*Goal of the exercise*: Pick every line from the data below that contains the string "done" and copy it.

(Dataset records)
--

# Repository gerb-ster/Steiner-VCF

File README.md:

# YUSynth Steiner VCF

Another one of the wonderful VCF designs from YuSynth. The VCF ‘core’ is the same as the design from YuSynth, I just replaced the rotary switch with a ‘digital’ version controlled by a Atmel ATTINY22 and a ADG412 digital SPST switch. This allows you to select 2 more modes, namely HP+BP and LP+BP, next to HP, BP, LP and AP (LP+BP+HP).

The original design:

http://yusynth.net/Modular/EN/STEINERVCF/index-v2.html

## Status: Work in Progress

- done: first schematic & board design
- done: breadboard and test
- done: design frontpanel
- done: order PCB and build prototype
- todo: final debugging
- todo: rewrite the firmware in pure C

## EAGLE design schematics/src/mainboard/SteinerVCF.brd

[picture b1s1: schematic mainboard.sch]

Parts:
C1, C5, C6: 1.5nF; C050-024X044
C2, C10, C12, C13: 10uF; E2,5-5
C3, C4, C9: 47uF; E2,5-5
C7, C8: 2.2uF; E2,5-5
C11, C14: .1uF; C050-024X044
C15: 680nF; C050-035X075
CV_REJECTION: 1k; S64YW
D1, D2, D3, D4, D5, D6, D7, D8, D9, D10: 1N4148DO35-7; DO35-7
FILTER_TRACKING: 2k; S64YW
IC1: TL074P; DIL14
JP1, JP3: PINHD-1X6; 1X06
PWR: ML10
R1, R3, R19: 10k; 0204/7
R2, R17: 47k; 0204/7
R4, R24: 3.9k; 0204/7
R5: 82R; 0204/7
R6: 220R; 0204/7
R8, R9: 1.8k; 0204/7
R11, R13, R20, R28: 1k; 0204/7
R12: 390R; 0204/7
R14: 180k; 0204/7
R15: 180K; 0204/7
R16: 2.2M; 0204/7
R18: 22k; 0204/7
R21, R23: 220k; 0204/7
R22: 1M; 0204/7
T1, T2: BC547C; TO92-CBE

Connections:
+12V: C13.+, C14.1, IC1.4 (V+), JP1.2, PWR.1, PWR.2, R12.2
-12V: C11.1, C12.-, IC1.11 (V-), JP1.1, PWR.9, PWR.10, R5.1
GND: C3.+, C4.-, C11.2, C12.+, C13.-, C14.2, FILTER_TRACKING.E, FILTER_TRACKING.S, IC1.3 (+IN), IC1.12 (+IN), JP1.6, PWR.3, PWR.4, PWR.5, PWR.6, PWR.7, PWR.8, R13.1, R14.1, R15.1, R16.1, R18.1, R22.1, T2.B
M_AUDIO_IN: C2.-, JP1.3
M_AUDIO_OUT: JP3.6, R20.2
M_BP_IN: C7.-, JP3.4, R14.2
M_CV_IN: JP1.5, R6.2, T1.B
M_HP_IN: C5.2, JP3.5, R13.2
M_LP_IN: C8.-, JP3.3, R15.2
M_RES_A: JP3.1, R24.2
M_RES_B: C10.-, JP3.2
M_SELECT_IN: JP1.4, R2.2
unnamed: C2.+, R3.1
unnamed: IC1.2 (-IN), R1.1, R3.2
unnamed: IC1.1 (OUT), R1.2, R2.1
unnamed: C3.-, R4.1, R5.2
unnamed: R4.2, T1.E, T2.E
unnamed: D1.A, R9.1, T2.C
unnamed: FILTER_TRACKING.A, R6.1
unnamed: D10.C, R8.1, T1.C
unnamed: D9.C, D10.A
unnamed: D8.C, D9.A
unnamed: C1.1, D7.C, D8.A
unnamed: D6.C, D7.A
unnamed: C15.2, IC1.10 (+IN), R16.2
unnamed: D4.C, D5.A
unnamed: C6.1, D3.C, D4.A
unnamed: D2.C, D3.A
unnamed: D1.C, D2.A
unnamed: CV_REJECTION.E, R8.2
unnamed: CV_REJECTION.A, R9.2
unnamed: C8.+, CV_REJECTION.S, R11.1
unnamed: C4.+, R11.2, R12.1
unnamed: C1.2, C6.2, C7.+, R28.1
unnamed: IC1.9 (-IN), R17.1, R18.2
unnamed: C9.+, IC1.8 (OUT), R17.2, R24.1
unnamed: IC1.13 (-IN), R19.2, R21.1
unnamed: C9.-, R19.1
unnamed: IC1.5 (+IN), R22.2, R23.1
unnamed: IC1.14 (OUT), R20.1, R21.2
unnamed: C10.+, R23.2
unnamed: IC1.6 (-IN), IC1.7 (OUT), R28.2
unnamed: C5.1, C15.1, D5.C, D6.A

--

*Written solution*:
- done: first schematic & board design
- done: breadboard and test
- done: design frontpanel
- done: order PCB and build prototype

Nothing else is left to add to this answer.